BRIEF
Every line of the records below from the line with "The MathWorks, Inc." up to and including the line with "Pitch Yaw Rads" must be reproduced exactly, and no line outside that range.
%%
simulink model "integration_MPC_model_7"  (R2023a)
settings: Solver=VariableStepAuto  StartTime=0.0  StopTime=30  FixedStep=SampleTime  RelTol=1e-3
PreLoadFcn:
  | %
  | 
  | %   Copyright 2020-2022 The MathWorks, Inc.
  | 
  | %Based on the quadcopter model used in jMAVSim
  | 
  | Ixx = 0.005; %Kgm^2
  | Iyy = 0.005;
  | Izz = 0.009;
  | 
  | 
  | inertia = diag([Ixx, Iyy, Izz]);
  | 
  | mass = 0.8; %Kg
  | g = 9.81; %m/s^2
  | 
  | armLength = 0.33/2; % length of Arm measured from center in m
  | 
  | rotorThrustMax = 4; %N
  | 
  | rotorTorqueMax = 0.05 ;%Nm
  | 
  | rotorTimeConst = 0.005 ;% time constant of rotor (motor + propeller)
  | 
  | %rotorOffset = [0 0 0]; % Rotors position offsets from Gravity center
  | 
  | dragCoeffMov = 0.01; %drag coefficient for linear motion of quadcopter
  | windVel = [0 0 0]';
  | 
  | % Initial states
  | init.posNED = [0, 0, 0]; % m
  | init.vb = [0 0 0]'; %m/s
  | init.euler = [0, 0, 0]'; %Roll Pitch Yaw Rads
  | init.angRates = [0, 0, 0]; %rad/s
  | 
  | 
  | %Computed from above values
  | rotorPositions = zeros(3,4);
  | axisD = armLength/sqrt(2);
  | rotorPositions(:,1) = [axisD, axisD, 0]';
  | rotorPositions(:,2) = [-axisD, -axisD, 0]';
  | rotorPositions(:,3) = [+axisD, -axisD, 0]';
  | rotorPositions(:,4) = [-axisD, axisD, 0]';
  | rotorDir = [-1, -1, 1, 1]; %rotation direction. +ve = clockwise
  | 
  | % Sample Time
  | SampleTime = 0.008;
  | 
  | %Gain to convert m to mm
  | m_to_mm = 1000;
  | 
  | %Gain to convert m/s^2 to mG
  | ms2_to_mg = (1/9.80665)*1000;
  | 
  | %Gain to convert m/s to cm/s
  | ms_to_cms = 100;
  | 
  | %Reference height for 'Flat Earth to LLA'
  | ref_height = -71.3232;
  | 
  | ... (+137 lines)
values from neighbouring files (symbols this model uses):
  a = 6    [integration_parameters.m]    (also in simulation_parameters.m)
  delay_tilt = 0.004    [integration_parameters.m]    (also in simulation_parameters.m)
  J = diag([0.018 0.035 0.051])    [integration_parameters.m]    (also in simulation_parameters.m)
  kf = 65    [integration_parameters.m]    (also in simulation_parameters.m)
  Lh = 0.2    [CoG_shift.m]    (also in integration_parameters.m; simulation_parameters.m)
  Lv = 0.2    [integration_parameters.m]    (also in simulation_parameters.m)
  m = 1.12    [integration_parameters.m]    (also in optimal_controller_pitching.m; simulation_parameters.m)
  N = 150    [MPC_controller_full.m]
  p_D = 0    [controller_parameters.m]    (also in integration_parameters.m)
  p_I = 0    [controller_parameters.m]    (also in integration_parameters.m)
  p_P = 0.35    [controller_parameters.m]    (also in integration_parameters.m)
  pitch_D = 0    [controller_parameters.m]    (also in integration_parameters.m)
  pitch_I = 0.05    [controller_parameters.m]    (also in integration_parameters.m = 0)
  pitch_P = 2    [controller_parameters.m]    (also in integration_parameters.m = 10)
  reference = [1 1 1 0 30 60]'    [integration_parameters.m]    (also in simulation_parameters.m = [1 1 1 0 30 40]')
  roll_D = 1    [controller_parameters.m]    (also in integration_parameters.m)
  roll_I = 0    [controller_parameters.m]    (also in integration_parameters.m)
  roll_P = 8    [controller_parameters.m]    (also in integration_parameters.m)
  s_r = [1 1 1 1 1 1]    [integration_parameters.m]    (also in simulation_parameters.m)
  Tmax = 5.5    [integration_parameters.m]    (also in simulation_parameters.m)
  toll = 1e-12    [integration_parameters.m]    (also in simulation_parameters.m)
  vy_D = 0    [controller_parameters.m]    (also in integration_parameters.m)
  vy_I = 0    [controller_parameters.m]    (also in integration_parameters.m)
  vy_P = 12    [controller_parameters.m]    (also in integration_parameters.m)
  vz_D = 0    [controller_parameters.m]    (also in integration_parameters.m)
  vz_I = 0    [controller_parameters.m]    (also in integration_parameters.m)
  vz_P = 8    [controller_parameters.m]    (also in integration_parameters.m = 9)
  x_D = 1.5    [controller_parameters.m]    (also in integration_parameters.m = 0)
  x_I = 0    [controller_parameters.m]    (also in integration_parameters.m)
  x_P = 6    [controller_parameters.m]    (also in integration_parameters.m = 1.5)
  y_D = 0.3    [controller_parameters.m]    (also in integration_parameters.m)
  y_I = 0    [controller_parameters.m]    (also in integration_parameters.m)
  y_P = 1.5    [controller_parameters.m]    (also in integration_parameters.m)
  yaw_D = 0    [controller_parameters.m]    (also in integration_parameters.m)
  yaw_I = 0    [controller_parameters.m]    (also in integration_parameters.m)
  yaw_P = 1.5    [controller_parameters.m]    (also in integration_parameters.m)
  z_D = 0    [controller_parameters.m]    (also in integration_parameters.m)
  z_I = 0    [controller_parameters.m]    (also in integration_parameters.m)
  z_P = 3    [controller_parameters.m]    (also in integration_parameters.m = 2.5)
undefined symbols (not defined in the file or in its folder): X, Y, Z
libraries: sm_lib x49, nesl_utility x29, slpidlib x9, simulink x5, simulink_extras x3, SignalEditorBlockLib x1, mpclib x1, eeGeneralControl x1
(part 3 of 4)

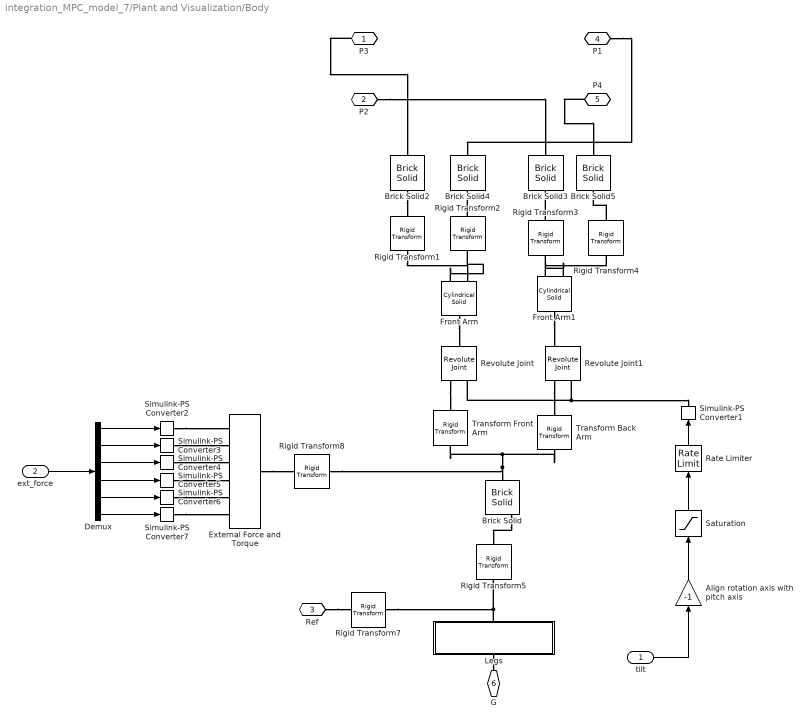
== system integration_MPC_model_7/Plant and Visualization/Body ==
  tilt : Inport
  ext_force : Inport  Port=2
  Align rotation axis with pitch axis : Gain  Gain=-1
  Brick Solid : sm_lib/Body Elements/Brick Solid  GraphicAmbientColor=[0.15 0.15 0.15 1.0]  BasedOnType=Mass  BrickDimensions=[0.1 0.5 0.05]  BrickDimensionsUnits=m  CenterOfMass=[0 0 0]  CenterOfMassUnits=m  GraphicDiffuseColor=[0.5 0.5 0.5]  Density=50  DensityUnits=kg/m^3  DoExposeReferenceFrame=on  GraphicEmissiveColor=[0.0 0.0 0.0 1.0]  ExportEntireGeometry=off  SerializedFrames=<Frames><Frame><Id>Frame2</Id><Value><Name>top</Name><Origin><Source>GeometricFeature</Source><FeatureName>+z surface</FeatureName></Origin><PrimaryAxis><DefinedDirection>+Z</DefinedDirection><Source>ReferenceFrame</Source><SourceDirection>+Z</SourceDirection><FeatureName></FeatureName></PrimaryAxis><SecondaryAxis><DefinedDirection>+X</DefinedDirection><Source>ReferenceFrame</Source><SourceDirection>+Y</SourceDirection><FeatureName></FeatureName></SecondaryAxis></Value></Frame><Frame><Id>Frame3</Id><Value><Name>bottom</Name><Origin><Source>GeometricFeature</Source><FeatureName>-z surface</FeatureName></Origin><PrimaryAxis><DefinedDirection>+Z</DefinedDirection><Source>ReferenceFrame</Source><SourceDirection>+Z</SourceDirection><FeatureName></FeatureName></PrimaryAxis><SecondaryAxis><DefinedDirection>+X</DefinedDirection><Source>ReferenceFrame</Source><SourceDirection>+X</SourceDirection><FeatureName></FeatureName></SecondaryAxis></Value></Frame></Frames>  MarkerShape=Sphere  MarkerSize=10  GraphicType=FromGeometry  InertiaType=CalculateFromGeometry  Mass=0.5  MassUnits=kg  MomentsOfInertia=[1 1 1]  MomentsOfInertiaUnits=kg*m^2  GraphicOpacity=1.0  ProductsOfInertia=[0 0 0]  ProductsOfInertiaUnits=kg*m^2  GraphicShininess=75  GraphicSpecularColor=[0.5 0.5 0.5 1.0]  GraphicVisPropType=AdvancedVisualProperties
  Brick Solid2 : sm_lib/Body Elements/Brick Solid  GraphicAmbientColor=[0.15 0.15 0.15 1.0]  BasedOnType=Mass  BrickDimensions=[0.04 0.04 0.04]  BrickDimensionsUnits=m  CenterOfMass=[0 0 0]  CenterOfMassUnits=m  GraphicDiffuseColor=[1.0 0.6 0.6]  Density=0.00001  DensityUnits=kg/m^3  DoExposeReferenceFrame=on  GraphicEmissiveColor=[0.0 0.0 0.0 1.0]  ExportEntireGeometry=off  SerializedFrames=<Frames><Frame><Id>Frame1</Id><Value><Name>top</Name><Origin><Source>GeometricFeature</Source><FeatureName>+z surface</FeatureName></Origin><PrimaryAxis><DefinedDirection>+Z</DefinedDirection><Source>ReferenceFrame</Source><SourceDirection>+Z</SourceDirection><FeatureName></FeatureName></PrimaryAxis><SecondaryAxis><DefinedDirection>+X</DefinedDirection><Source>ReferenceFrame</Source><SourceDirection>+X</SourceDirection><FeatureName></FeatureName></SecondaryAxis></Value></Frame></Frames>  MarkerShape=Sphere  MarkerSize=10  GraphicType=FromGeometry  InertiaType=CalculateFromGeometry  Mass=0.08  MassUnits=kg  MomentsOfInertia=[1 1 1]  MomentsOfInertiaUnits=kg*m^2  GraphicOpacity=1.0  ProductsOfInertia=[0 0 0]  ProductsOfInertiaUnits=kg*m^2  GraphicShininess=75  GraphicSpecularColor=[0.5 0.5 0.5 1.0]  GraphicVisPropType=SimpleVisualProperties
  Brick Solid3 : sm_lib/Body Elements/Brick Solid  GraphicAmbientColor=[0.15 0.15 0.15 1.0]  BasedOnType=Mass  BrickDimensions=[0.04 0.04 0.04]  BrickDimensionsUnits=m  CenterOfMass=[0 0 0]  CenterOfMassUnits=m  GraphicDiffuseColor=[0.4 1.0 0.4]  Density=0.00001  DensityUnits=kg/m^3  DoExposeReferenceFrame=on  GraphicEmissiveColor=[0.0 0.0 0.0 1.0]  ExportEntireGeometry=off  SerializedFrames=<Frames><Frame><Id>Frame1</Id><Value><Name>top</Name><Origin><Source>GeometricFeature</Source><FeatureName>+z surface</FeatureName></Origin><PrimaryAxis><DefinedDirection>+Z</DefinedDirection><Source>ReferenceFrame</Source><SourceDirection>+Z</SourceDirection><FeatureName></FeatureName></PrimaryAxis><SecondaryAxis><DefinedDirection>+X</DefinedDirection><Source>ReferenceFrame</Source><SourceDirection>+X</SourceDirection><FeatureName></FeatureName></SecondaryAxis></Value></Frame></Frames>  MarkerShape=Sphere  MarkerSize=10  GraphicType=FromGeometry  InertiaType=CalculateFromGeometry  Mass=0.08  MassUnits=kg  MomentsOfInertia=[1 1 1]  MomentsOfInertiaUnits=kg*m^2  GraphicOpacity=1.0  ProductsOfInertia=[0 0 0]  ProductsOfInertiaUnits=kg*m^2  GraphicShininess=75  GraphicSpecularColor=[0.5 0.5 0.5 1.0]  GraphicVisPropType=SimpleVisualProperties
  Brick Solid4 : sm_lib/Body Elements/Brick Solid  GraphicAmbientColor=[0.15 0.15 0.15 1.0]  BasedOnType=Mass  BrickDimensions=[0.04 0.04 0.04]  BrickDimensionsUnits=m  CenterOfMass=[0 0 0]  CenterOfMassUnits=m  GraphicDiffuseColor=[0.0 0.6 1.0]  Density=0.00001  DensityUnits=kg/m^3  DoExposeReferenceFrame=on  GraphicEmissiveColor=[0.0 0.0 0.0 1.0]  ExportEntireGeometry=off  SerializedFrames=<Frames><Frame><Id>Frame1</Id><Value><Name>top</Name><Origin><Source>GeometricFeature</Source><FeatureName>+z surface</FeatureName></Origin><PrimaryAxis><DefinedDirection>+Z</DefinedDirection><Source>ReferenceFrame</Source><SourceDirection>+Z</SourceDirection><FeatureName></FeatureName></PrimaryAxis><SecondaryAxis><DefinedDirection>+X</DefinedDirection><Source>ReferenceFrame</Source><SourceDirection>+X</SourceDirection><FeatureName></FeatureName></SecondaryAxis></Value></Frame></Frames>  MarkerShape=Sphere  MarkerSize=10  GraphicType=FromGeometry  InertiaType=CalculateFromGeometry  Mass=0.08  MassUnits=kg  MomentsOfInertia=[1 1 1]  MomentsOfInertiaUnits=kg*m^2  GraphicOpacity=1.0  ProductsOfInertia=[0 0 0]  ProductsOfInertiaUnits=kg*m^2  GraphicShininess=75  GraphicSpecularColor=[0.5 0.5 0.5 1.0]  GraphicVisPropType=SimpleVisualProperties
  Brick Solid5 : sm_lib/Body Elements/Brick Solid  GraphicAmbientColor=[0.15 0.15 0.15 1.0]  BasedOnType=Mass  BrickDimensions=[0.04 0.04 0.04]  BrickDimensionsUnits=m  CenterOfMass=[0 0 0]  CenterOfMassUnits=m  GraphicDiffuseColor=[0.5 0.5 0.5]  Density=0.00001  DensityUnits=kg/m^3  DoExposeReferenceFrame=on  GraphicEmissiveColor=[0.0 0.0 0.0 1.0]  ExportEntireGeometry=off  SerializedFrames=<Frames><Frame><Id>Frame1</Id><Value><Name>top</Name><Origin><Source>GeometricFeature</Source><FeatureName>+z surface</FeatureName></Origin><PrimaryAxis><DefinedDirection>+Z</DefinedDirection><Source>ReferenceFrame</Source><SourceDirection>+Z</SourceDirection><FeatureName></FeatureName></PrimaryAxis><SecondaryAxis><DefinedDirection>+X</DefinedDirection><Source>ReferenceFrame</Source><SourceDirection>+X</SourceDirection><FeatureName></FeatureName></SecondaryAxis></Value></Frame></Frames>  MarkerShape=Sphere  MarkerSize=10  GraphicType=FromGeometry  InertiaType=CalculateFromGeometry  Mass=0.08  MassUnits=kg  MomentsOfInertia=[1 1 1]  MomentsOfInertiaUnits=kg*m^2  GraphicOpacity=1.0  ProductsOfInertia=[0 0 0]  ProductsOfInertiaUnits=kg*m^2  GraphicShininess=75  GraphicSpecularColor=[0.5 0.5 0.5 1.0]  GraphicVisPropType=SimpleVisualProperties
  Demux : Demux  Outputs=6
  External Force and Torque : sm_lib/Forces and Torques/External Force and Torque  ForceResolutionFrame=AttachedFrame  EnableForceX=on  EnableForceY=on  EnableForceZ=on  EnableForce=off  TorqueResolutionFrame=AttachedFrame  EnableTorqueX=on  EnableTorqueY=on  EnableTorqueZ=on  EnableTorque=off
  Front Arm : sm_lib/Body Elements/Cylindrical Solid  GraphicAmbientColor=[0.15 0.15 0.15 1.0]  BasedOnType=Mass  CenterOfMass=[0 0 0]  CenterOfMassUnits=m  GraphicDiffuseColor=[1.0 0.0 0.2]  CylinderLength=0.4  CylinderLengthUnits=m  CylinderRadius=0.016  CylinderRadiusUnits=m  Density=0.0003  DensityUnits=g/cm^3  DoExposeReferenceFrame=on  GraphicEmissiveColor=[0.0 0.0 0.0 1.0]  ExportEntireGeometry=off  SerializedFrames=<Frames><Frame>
%%
RESPONSE TO THIS TASK
  | %   Copyright 2020-2022 The MathWorks, Inc.
  | 
  | %Based on the quadcopter model used in jMAVSim
  | 
  | Ixx = 0.005; %Kgm^2
  | Iyy = 0.005;
  | Izz = 0.009;
  | 
  | 
  | inertia = diag([Ixx, Iyy, Izz]);
  | 
  | mass = 0.8; %Kg
  | g = 9.81; %m/s^2
  | 
  | armLength = 0.33/2; % length of Arm measured from center in m
  | 
  | rotorThrustMax = 4; %N
  | 
  | rotorTorqueMax = 0.05 ;%Nm
  | 
  | rotorTimeConst = 0.005 ;% time constant of rotor (motor + propeller)
  | 
  | %rotorOffset = [0 0 0]; % Rotors position offsets from Gravity center
  | 
  | dragCoeffMov = 0.01; %drag coefficient for linear motion of quadcopter
  | windVel = [0 0 0]';
  | 
  | % Initial states
  | init.posNED = [0, 0, 0]; % m
  | init.vb = [0 0 0]'; %m/s
  | init.euler = [0, 0, 0]'; %Roll Pitch Yaw Rads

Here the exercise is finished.